**MATERIAL FOR THIS EXERCISE:**
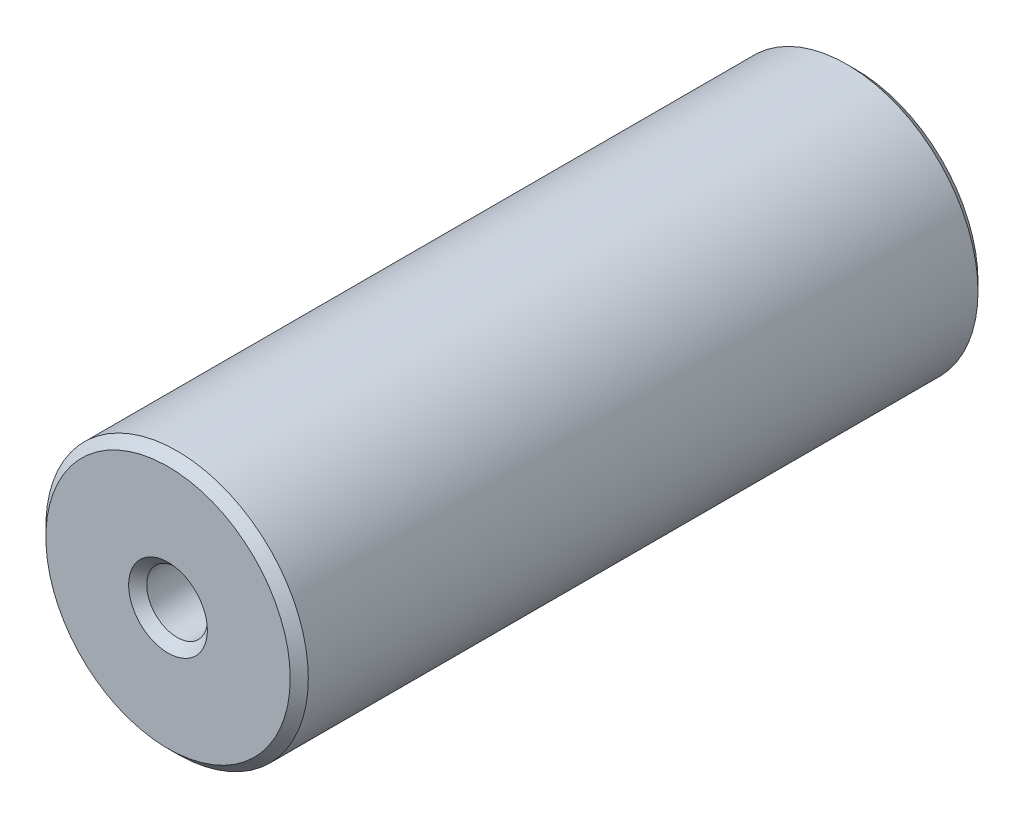
from build123d import *

# Parameters (mm, degrees)
ESQUISSE1_R        = 14.5
ESQUISSE1_R_2      = 3.35
BOSS_EXTRU_1_DEPTH = 76
CHANFREIN1_SIZE    = 1


with BuildPart() as part:
    # Esquisse1 → Boss.-Extru.1 (new body)
    with BuildSketch(Plane.XY):
        Circle(ESQUISSE1_R)
        Circle(ESQUISSE1_R_2, mode=Mode.SUBTRACT)
    extrude(amount=BOSS_EXTRU_1_DEPTH)

    # Chanfrein1
    chanfrein1_edges = [part.edges().sort_by_distance(p)[0] for p in [
        (-14.5, 0, 0),
        (-14.5, 0, 76),
        (-3.35, 0, 0),
        (-3.35, 0, 76),
    ]]
    chamfer(chanfrein1_edges, length=CHANFREIN1_SIZE)


solid = part.part
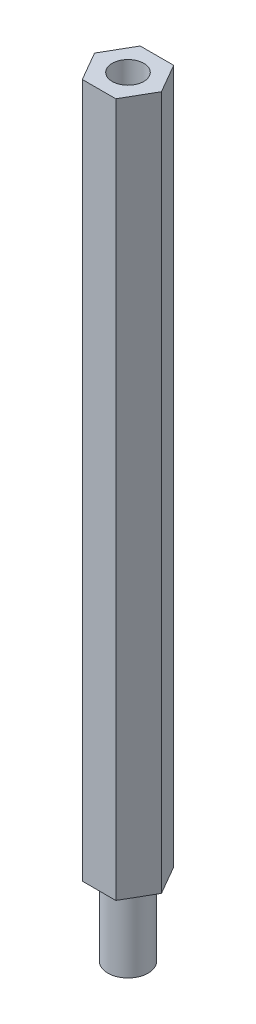
from build123d import *

# Parameters (mm, degrees)
EXTRUDE_1_DEPTH     = 55
SKETCH_6_R          = 1.6
EXTRUDE_2_DEPTH     = 6
SKETCH_7_R          = 1.25
CUT_EXTRUDE_1_DEPTH = 5


with BuildPart() as part:
    # 草图4 → 凸台-拉伸1 (new body)
    with BuildSketch(Plane(origin=(0, 0, 0), x_dir=(1, 0, 0), z_dir=(0, 1, 0))):
        Polygon((1.325, -2.29496732), (2.65, 0), (1.325, 2.29496732), (-1.325, 2.29496732), (-2.65, 0), (-1.325, -2.29496732), align=None)
    extrude(amount=EXTRUDE_1_DEPTH)

    # 草图6 → 凸台-拉伸2 (add)
    with BuildSketch(Plane(origin=(0, 0, 0), x_dir=(-1, 0, 0), z_dir=(0, -1, 0))):
        with Locations(Location((0, 0, 0), (0, 0, 270))):
            Circle(SKETCH_6_R)
    extrude(amount=EXTRUDE_2_DEPTH)

    # 草图7 → 切除-拉伸1 (cut)
    with BuildSketch(Plane(origin=(0, 55, 0), x_dir=(1, 0, 0), z_dir=(0, 1, 0))):
        with Locations(Location((0, 0, 0), (0, 0, 270))):
            Circle(SKETCH_7_R)
    extrude(amount=-CUT_EXTRUDE_1_DEPTH, mode=Mode.SUBTRACT)


solid = part.part

**BRIEF:** The listing above must be retyped word for word, without the pictures.

**TASK RESULT:**
from build123d import *

# Parameters (mm, degrees)
ESQUISSE1_R        = 14.5
ESQUISSE1_R_2      = 3.35
BOSS_EXTRU_1_DEPTH = 76
CHANFREIN1_SIZE    = 1


with BuildPart() as part:
    # Esquisse1 → Boss.-Extru.1 (new body)
    with BuildSketch(Plane.XY):
        Circle(ESQUISSE1_R)
        Circle(ESQUISSE1_R_2, mode=Mode.SUBTRACT)
    extrude(amount=BOSS_EXTRU_1_DEPTH)

    # Chanfrein1
    chanfrein1_edges = [part.edges().sort_by_distance(p)[0] for p in [
        (-14.5, 0, 0),
        (-14.5, 0, 76),
        (-3.35, 0, 0),
        (-3.35, 0, 76),
    ]]
    chamfer(chanfrein1_edges, length=CHANFREIN1_SIZE)


solid = part.part
from build123d import *

# Parameters (mm, degrees)
EXTRUDE_1_DEPTH     = 55
SKETCH_6_R          = 1.6
EXTRUDE_2_DEPTH     = 6
SKETCH_7_R          = 1.25
CUT_EXTRUDE_1_DEPTH = 5


with BuildPart() as part:
    # 草图4 → 凸台-拉伸1 (new body)
    with BuildSketch(Plane(origin=(0, 0, 0), x_dir=(1, 0, 0), z_dir=(0, 1, 0))):
        Polygon((1.325, -2.29496732), (2.65, 0), (1.325, 2.29496732), (-1.325, 2.29496732), (-2.65, 0), (-1.325, -2.29496732), align=None)
    extrude(amount=EXTRUDE_1_DEPTH)

    # 草图6 → 凸台-拉伸2 (add)
    with BuildSketch(Plane(origin=(0, 0, 0), x_dir=(-1, 0, 0), z_dir=(0, -1, 0))):
        with Locations(Location((0, 0, 0), (0, 0, 270))):
            Circle(SKETCH_6_R)
    extrude(amount=EXTRUDE_2_DEPTH)

    # 草图7 → 切除-拉伸1 (cut)
    with BuildSketch(Plane(origin=(0, 55, 0), x_dir=(1, 0, 0), z_dir=(0, 1, 0))):
        with Locations(Location((0, 0, 0), (0, 0, 270))):
            Circle(SKETCH_7_R)
    extrude(amount=-CUT_EXTRUDE_1_DEPTH, mode=Mode.SUBTRACT)


solid = part.part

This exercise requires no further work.